4. The Quality Manager is responsible for ensuring management system records (audit reports, review minutes, training records) are complete and properly identified.
5. Forms used to generate records are controlled documents (see Section 6).

7.2 Storage and protection

1. Records shall be stored in a manner that prevents damage, deterioration, or loss.
2. Electronic records shall be backed up at intervals defined by the Quality Manager (e.g., daily, weekly). The person or function responsible for performing backups shall be designated, and backup integrity shall be verified periodically (e.g., through test restores).
3. Paper records shall be stored in a secure, designated location with appropriate environmental controls.
4. The Quality Manager is responsible for the storage of management system records.

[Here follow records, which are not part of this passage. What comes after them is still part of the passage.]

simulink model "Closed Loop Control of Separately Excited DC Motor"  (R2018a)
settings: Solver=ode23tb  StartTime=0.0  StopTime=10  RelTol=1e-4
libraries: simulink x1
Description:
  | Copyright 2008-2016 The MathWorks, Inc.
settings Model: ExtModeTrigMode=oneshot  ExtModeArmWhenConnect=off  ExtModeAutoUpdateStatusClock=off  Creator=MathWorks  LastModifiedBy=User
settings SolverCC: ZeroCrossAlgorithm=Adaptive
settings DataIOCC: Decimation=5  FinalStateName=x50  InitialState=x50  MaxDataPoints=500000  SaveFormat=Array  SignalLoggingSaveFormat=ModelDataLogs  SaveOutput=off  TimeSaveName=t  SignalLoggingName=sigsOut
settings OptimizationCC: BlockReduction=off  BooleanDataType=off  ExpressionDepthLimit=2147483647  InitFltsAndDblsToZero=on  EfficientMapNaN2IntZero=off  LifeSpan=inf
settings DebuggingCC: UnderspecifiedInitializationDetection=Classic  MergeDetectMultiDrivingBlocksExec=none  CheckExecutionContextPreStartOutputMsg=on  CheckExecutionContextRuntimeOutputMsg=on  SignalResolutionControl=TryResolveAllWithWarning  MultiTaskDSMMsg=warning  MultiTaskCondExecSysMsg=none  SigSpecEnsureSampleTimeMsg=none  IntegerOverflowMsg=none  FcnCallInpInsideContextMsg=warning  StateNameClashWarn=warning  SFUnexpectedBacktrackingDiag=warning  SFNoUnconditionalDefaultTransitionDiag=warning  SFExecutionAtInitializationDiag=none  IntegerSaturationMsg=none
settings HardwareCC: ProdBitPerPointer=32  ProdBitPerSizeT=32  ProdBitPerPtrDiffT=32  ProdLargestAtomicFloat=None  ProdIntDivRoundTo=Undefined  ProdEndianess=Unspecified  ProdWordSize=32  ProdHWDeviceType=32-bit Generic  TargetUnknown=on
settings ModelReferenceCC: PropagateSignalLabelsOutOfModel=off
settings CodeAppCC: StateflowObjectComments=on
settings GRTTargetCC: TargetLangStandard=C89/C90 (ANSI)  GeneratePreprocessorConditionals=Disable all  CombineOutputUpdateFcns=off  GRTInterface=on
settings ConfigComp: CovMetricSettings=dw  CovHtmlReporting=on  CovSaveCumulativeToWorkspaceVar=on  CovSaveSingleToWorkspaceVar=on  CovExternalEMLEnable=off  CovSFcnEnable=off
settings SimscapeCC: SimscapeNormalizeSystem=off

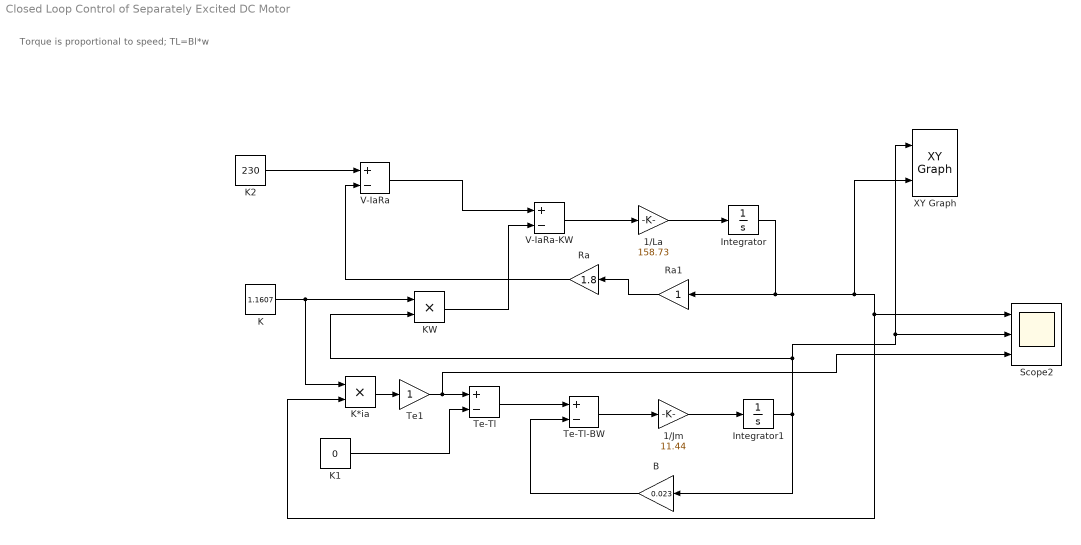
== system Closed Loop Control of Separately Excited DC Motor ==
  note: Torque is proportional to speed; TL=Bl*w
  1/Jm : Gain  Gain=11.44
  1/La : Gain  Gain=158.73
  B : Gain  Gain=0.023
  Integrator : Integrator
  Integrator1 : Integrator
  K : Constant  Value=1.1607
  K*ia : Product
  K1 : Constant  Value=0
  K2 : Constant  Value=230
  KW : Product
  Ra : Gain  Gain=1.8
  Ra1 : Gain
  Scope2 : Scope  NumInputPorts=3
  Te-Tl : Sum  Inputs=+-
  Te-Tl-BW : Sum  Inputs=+-
  Te1 : Gain
  V-IaRa : Sum  Inputs=+-
  V-IaRa-KW : Sum  Inputs=+-
  XY Graph : simulink/Sinks/XY Graph  xmin=0  xmax=40  ymin=0  ymax=140  st=-1
  wires:
  Ra/1 -> V-IaRa/2
  V-IaRa/1 -> V-IaRa-KW/1
  V-IaRa-KW/1 -> 1/La/1
  1/La/1 -> Integrator/1
  K*ia/1 -> Te1/1
  K/1 -> K*ia/1, KW/1
  Te-Tl/1 -> Te-Tl-BW/1
  Te-Tl-BW/1 -> 1/Jm/1
  1/Jm/1 -> Integrator1/1
  B/1 -> Te-Tl-BW/2
  Integrator1/1 -> B/1, KW/2, XY Graph/1, Scope2/2
  KW/1 -> V-IaRa-KW/2
  Te1/1 -> Scope2/3, Te-Tl/1
  Integrator/1 -> Ra1/1, XY Graph/2, K*ia/2, Scope2/1
  K1/1 -> Te-Tl/2
  Ra1/1 -> Ra/1
  K2/1 -> V-IaRa/1

The Technical Manager is responsible for the storage of technical records (test data, calibration results, method validations).

7.3 Access and retrieval

1. Records shall be retrievable within a reasonable time.
2. Access to records shall be controlled to protect confidentiality and prevent unauthorized modification.
3. The Quality Manager (for management system records) and Technical Manager (for technical records) shall define access permissions as appropriate.

7.4 Retention

1. Records shall be retained for a minimum period defined by:

   • Accreditation body requirements
   • Regulatory or contractual obligations
   • The laboratory's own policy (minimum [X] years from the date of creation, or as specified per record type)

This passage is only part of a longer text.